Extracted information =>
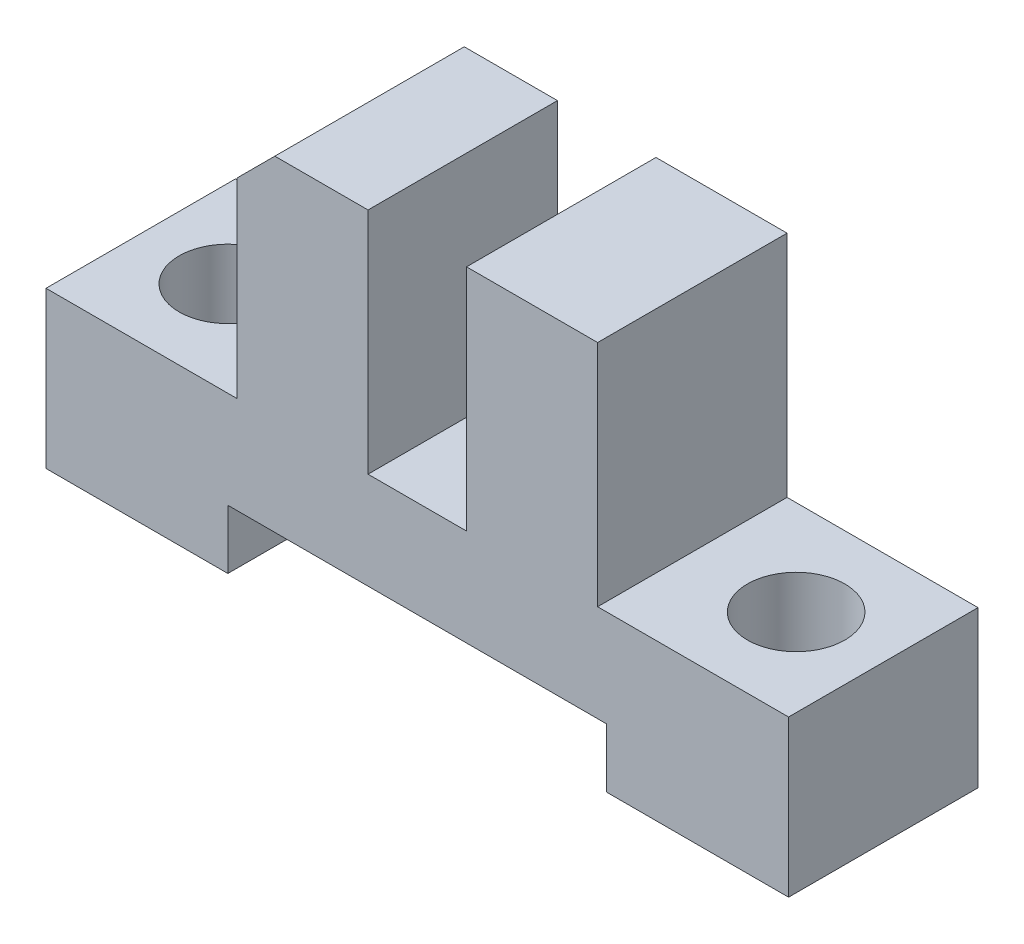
ISO-10303-21;
HEADER;
FILE_DESCRIPTION(('STEP AP214'),'2;1');
FILE_NAME('part.step','',(''),(''),'','','');
FILE_SCHEMA(('AUTOMOTIVE_DESIGN { 1 0 10303 214 1 1 1 1 }'));
ENDSEC;
DATA;
#1=APPLICATION_CONTEXT('core data for automotive mechanical design processes');
#2=APPLICATION_PROTOCOL_DEFINITION('international standard','automotive_design',2000,#1);
#3=PRODUCT_CONTEXT('',#1,'mechanical');
#4=PRODUCT('Part','Part','',(#3));
#5=PRODUCT_RELATED_PRODUCT_CATEGORY('part','',(#4));
#6=PRODUCT_DEFINITION_FORMATION('','',#4);
#7=PRODUCT_DEFINITION_CONTEXT('part definition',#1,'design');
#8=PRODUCT_DEFINITION('design','',#6,#7);
#9=PRODUCT_DEFINITION_SHAPE('','',#8);
#10=(LENGTH_UNIT() NAMED_UNIT(*) SI_UNIT(.MILLI.,.METRE.));
#11=(NAMED_UNIT(*) PLANE_ANGLE_UNIT() SI_UNIT($,.RADIAN.));
#12=(NAMED_UNIT(*) SI_UNIT($,.STERADIAN.) SOLID_ANGLE_UNIT());
#13=UNCERTAINTY_MEASURE_WITH_UNIT(LENGTH_MEASURE(1.E-05),#10,'distance_accuracy_value','');
#14=(GEOMETRIC_REPRESENTATION_CONTEXT(3) GLOBAL_UNCERTAINTY_ASSIGNED_CONTEXT((#13)) GLOBAL_UNIT_ASSIGNED_CONTEXT((#10,
#11,#12)) REPRESENTATION_CONTEXT('',''));
#15=CARTESIAN_POINT('',(0.,0.,0.));
#16=DIRECTION('',(0.,0.,1.));
#17=DIRECTION('',(1.,0.,0.));
#18=AXIS2_PLACEMENT_3D('',#15,#16,#17);
#19=CARTESIAN_POINT('',(-6.0452,12.9032,6.35));
#20=DIRECTION('',(1.,0.,0.));
#21=DIRECTION('',(0.,1.,0.));
#22=AXIS2_PLACEMENT_3D('',#19,#20,#21);
#23=PLANE('',#22);
#24=DIRECTION('',(0.,-1.,0.));
#25=VECTOR('',#24,1.);
#26=CARTESIAN_POINT('',(-6.0452,12.9032,6.35));
#27=LINE('',#26,#25);
#28=CARTESIAN_POINT('',(-6.0452,11.6332,6.35));
#29=VERTEX_POINT('',#28);
#30=CARTESIAN_POINT('',(-6.0452,5.2324,6.35));
#31=VERTEX_POINT('',#30);
#32=EDGE_CURVE('E241',#29,#31,#27,.T.);
#33=ORIENTED_EDGE('',*,*,#32,.F.);
#34=DIRECTION('',(0.,0.,-1.));
#35=VECTOR('',#34,1.);
#36=CARTESIAN_POINT('',(-6.0452,11.6332,6.35));
#37=LINE('',#36,#35);
#38=CARTESIAN_POINT('',(-6.0452,11.6332,0.));
#39=VERTEX_POINT('',#38);
#40=EDGE_CURVE('E152',#29,#39,#37,.T.);
#41=ORIENTED_EDGE('',*,*,#40,.T.);
#42=DIRECTION('',(0.,-1.,0.));
#43=VECTOR('',#42,1.);
#44=CARTESIAN_POINT('',(-6.0452,12.9032,0.));
#45=LINE('',#44,#43);
#46=CARTESIAN_POINT('',(-6.0452,5.2324,0.));
#47=VERTEX_POINT('',#46);
#48=EDGE_CURVE('E146',#39,#47,#45,.T.);
#49=ORIENTED_EDGE('',*,*,#48,.T.);
#50=DIRECTION('',(0.,0.,-1.));
#51=VECTOR('',#50,1.);
#52=CARTESIAN_POINT('',(-6.0452,5.2324,6.35));
#53=LINE('',#52,#51);
#54=EDGE_CURVE('E150',#31,#47,#53,.T.);
#55=ORIENTED_EDGE('',*,*,#54,.F.);
#56=EDGE_LOOP('',(#33,#41,#49,#55));
#57=FACE_BOUND('',#56,.T.);
#58=ADVANCED_FACE('F28',(#57),#23,.F.);
#59=CARTESIAN_POINT('',(-12.446,5.2324,6.35));
#60=DIRECTION('',(0.,-1.,0.));
#61=DIRECTION('',(0.,0.,-1.));
#62=AXIS2_PLACEMENT_3D('',#59,#60,#61);
#63=PLANE('',#62);
#64=CARTESIAN_POINT('',(-9.525,5.2324,3.175));
#65=DIRECTION('',(0.,1.,0.));
#66=DIRECTION('',(0.,0.,1.));
#67=AXIS2_PLACEMENT_3D('',#64,#65,#66);
#68=CIRCLE('',#67,1.63194999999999);
#69=CARTESIAN_POINT('',(-9.525,5.2324,4.80694999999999));
#70=VERTEX_POINT('',#69);
#71=EDGE_CURVE('E278',#70,#70,#68,.T.);
#72=ORIENTED_EDGE('',*,*,#71,.F.);
#73=EDGE_LOOP('',(#72));
#74=FACE_BOUND('',#73,.T.);
#75=DIRECTION('',(-1.,0.,0.));
#76=VECTOR('',#75,1.);
#77=CARTESIAN_POINT('',(-12.446,5.2324,0.));
#78=LINE('',#77,#76);
#79=CARTESIAN_POINT('',(-12.446,5.2324,0.));
#80=VERTEX_POINT('',#79);
#81=EDGE_CURVE('E153',#47,#80,#78,.T.);
#82=ORIENTED_EDGE('',*,*,#81,.T.);
#83=DIRECTION('',(0.,0.,-1.));
#84=VECTOR('',#83,1.);
#85=CARTESIAN_POINT('',(-12.446,5.2324,6.35));
#86=LINE('',#85,#84);
#87=CARTESIAN_POINT('',(-12.446,5.2324,6.35));
#88=VERTEX_POINT('',#87);
#89=EDGE_CURVE('E167',#88,#80,#86,.T.);
#90=ORIENTED_EDGE('',*,*,#89,.F.);
#91=DIRECTION('',(-1.,0.,0.));
#92=VECTOR('',#91,1.);
#93=CARTESIAN_POINT('',(-12.446,5.2324,6.35));
#94=LINE('',#93,#92);
#95=EDGE_CURVE('E166',#31,#88,#94,.T.);
#96=ORIENTED_EDGE('',*,*,#95,.F.);
#97=ORIENTED_EDGE('',*,*,#54,.T.);
#98=EDGE_LOOP('',(#82,#90,#96,#97));
#99=FACE_BOUND('',#98,.T.);
#100=ADVANCED_FACE('F165',(#74,#99),#63,.F.);
#101=CARTESIAN_POINT('',(-12.446,0.,6.35));
#102=DIRECTION('',(1.,0.,0.));
#103=DIRECTION('',(0.,0.,-1.));
#104=AXIS2_PLACEMENT_3D('',#101,#102,#103);
#105=PLANE('',#104);
#106=DIRECTION('',(0.,-1.,0.));
#107=VECTOR('',#106,1.);
#108=CARTESIAN_POINT('',(-12.446,0.,0.));
#109=LINE('',#108,#107);
#110=CARTESIAN_POINT('',(-12.446,0.,0.));
#111=VERTEX_POINT('',#110);
#112=EDGE_CURVE('E159',#80,#111,#109,.T.);
#113=ORIENTED_EDGE('',*,*,#112,.T.);
#114=DIRECTION('',(0.,0.,-1.));
#115=VECTOR('',#114,1.);
#116=CARTESIAN_POINT('',(-12.446,0.,6.35));
#117=LINE('',#116,#115);
#118=CARTESIAN_POINT('',(-12.446,0.,6.35));
#119=VERTEX_POINT('',#118);
#120=EDGE_CURVE('E170',#119,#111,#117,.T.);
#121=ORIENTED_EDGE('',*,*,#120,.F.);
#122=DIRECTION('',(0.,-1.,0.));
#123=VECTOR('',#122,1.);
#124=CARTESIAN_POINT('',(-12.446,0.,6.35));
#125=LINE('',#124,#123);
#126=EDGE_CURVE('E238',#88,#119,#125,.T.);
#127=ORIENTED_EDGE('',*,*,#126,.F.);
#128=ORIENTED_EDGE('',*,*,#89,.T.);
#129=EDGE_LOOP('',(#113,#121,#127,#128));
#130=FACE_BOUND('',#129,.T.);
#131=ADVANCED_FACE('F285',(#130),#105,.F.);
#132=CARTESIAN_POINT('',(-12.446,0.,6.35));
#133=DIRECTION('',(0.,1.,0.));
#134=DIRECTION('',(0.,0.,1.));
#135=AXIS2_PLACEMENT_3D('',#132,#133,#134);
#136=PLANE('',#135);
#137=CARTESIAN_POINT('',(-9.525,0.,3.175));
#138=DIRECTION('',(0.,1.,0.));
#139=DIRECTION('',(0.,0.,1.));
#140=AXIS2_PLACEMENT_3D('',#137,#138,#139);
#141=CIRCLE('',#140,1.63195);
#142=CARTESIAN_POINT('',(-9.525,0.,4.80695));
#143=VERTEX_POINT('',#142);
#144=EDGE_CURVE('E275',#143,#143,#141,.T.);
#145=ORIENTED_EDGE('',*,*,#144,.T.);
#146=EDGE_LOOP('',(#145));
#147=FACE_BOUND('',#146,.T.);
#148=DIRECTION('',(1.,0.,0.));
#149=VECTOR('',#148,1.);
#150=CARTESIAN_POINT('',(-12.446,0.,0.));
#151=LINE('',#150,#149);
#152=CARTESIAN_POINT('',(-6.35,0.,0.));
#153=VERTEX_POINT('',#152);
#154=EDGE_CURVE('E267',#111,#153,#151,.T.);
#155=ORIENTED_EDGE('',*,*,#154,.T.);
#156=DIRECTION('',(0.,0.,-1.));
#157=VECTOR('',#156,1.);
#158=CARTESIAN_POINT('',(-6.35,0.,6.35));
#159=LINE('',#158,#157);
#160=CARTESIAN_POINT('',(-6.35,0.,6.35));
#161=VERTEX_POINT('',#160);
#162=EDGE_CURVE('E176',#161,#153,#159,.T.);
#163=ORIENTED_EDGE('',*,*,#162,.F.);
#164=DIRECTION('',(1.,0.,0.));
#165=VECTOR('',#164,1.);
#166=CARTESIAN_POINT('',(-12.446,0.,6.35));
#167=LINE('',#166,#165);
#168=EDGE_CURVE('E236',#119,#161,#167,.T.);
#169=ORIENTED_EDGE('',*,*,#168,.F.);
#170=ORIENTED_EDGE('',*,*,#120,.T.);
#171=EDGE_LOOP('',(#155,#163,#169,#170));
#172=FACE_BOUND('',#171,.T.);
#173=ADVANCED_FACE('F290',(#147,#172),#136,.F.);
#174=CARTESIAN_POINT('',(-6.35,0.,6.35));
#175=DIRECTION('',(-1.,0.,0.));
#176=DIRECTION('',(0.,0.,1.));
#177=AXIS2_PLACEMENT_3D('',#174,#175,#176);
#178=PLANE('',#177);
#179=DIRECTION('',(0.,1.,0.));
#180=VECTOR('',#179,1.);
#181=CARTESIAN_POINT('',(-6.35,0.,0.));
#182=LINE('',#181,#180);
#183=CARTESIAN_POINT('',(-6.35,1.9812,0.));
#184=VERTEX_POINT('',#183);
#185=EDGE_CURVE('E265',#153,#184,#182,.T.);
#186=ORIENTED_EDGE('',*,*,#185,.T.);
#187=DIRECTION('',(0.,0.,-1.));
#188=VECTOR('',#187,1.);
#189=CARTESIAN_POINT('',(-6.35,1.9812,6.35));
#190=LINE('',#189,#188);
#191=CARTESIAN_POINT('',(-6.35,1.9812,6.35));
#192=VERTEX_POINT('',#191);
#193=EDGE_CURVE('E179',#192,#184,#190,.T.);
#194=ORIENTED_EDGE('',*,*,#193,.F.);
#195=DIRECTION('',(0.,1.,0.));
#196=VECTOR('',#195,1.);
#197=CARTESIAN_POINT('',(-6.35,0.,6.35));
#198=LINE('',#197,#196);
#199=EDGE_CURVE('E234',#161,#192,#198,.T.);
#200=ORIENTED_EDGE('',*,*,#199,.F.);
#201=ORIENTED_EDGE('',*,*,#162,.T.);
#202=EDGE_LOOP('',(#186,#194,#200,#201));
#203=FACE_BOUND('',#202,.T.);
#204=ADVANCED_FACE('F296',(#203),#178,.F.);
#205=CARTESIAN_POINT('',(-6.35,1.9812,6.35));
#206=DIRECTION('',(0.,1.,0.));
#207=DIRECTION('',(0.,0.,1.));
#208=AXIS2_PLACEMENT_3D('',#205,#206,#207);
#209=PLANE('',#208);
#210=DIRECTION('',(1.,0.,0.));
#211=VECTOR('',#210,1.);
#212=CARTESIAN_POINT('',(-6.35,1.9812,0.));
#213=LINE('',#212,#211);
#214=CARTESIAN_POINT('',(6.35,1.9812,0.));
#215=VERTEX_POINT('',#214);
#216=EDGE_CURVE('E263',#184,#215,#213,.T.);
#217=ORIENTED_EDGE('',*,*,#216,.T.);
#218=DIRECTION('',(0.,0.,-1.));
#219=VECTOR('',#218,1.);
#220=CARTESIAN_POINT('',(6.35,1.9812,6.35));
#221=LINE('',#220,#219);
#222=CARTESIAN_POINT('',(6.35,1.9812,6.35));
#223=VERTEX_POINT('',#222);
#224=EDGE_CURVE('E182',#223,#215,#221,.T.);
#225=ORIENTED_EDGE('',*,*,#224,.F.);
#226=DIRECTION('',(1.,0.,0.));
#227=VECTOR('',#226,1.);
#228=CARTESIAN_POINT('',(-6.35,1.9812,6.35));
#229=LINE('',#228,#227);
#230=EDGE_CURVE('E232',#192,#223,#229,.T.);
#231=ORIENTED_EDGE('',*,*,#230,.F.);
#232=ORIENTED_EDGE('',*,*,#193,.T.);
#233=EDGE_LOOP('',(#217,#225,#231,#232));
#234=FACE_BOUND('',#233,.T.);
#235=ADVANCED_FACE('F300',(#234),#209,.F.);
#236=CARTESIAN_POINT('',(6.35,1.9812,6.35));
#237=DIRECTION('',(1.,0.,0.));
#238=DIRECTION('',(0.,0.,-1.));
#239=AXIS2_PLACEMENT_3D('',#236,#237,#238);
#240=PLANE('',#239);
#241=DIRECTION('',(0.,-1.,0.));
#242=VECTOR('',#241,1.);
#243=CARTESIAN_POINT('',(6.35,1.9812,0.));
#244=LINE('',#243,#242);
#245=CARTESIAN_POINT('',(6.35,0.,0.));
#246=VERTEX_POINT('',#245);
#247=EDGE_CURVE('E261',#215,#246,#244,.T.);
#248=ORIENTED_EDGE('',*,*,#247,.T.);
#249=DIRECTION('',(0.,0.,-1.));
#250=VECTOR('',#249,1.);
#251=CARTESIAN_POINT('',(6.35,0.,6.35));
#252=LINE('',#251,#250);
#253=CARTESIAN_POINT('',(6.35,0.,6.35));
#254=VERTEX_POINT('',#253);
#255=EDGE_CURVE('E185',#254,#246,#252,.T.);
#256=ORIENTED_EDGE('',*,*,#255,.F.);
#257=DIRECTION('',(0.,-1.,0.));
#258=VECTOR('',#257,1.);
#259=CARTESIAN_POINT('',(6.35,1.9812,6.35));
#260=LINE('',#259,#258);
#261=EDGE_CURVE('E230',#223,#254,#260,.T.);
#262=ORIENTED_EDGE('',*,*,#261,.F.);
#263=ORIENTED_EDGE('',*,*,#224,.T.);
#264=EDGE_LOOP('',(#248,#256,#262,#263));
#265=FACE_BOUND('',#264,.T.);
#266=ADVANCED_FACE('F304',(#265),#240,.F.);
#267=CARTESIAN_POINT('',(6.35,0.,6.35));
#268=DIRECTION('',(0.,1.,0.));
#269=DIRECTION('',(0.,0.,1.));
#270=AXIS2_PLACEMENT_3D('',#267,#268,#269);
#271=PLANE('',#270);
#272=CARTESIAN_POINT('',(9.525,0.,3.175));
#273=DIRECTION('',(0.,1.,0.));
#274=DIRECTION('',(0.,0.,1.));
#275=AXIS2_PLACEMENT_3D('',#272,#273,#274);
#276=CIRCLE('',#275,1.63195);
#277=CARTESIAN_POINT('',(9.525,0.,4.80695));
#278=VERTEX_POINT('',#277);
#279=EDGE_CURVE('E154',#278,#278,#276,.T.);
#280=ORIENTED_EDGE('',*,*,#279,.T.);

What is required =>
Of the entries listed above, reproduce only the lines starting at the line containing "#8=PRODUCT_DEFINITION('design','',#6,#7);" and ending at the line containing "#15=CARTESIAN_POINT('',(0.,0.,0.));". Include both, exactly as they stand.

Solved problem =>
#8=PRODUCT_DEFINITION('design','',#6,#7);
#9=PRODUCT_DEFINITION_SHAPE('','',#8);
#10=(LENGTH_UNIT() NAMED_UNIT(*) SI_UNIT(.MILLI.,.METRE.));
#11=(NAMED_UNIT(*) PLANE_ANGLE_UNIT() SI_UNIT($,.RADIAN.));
#12=(NAMED_UNIT(*) SI_UNIT($,.STERADIAN.) SOLID_ANGLE_UNIT());
#13=UNCERTAINTY_MEASURE_WITH_UNIT(LENGTH_MEASURE(1.E-05),#10,'distance_accuracy_value','');
#14=(GEOMETRIC_REPRESENTATION_CONTEXT(3) GLOBAL_UNCERTAINTY_ASSIGNED_CONTEXT((#13)) GLOBAL_UNIT_ASSIGNED_CONTEXT((#10,
#11,#12)) REPRESENTATION_CONTEXT('',''));
#15=CARTESIAN_POINT('',(0.,0.,0.));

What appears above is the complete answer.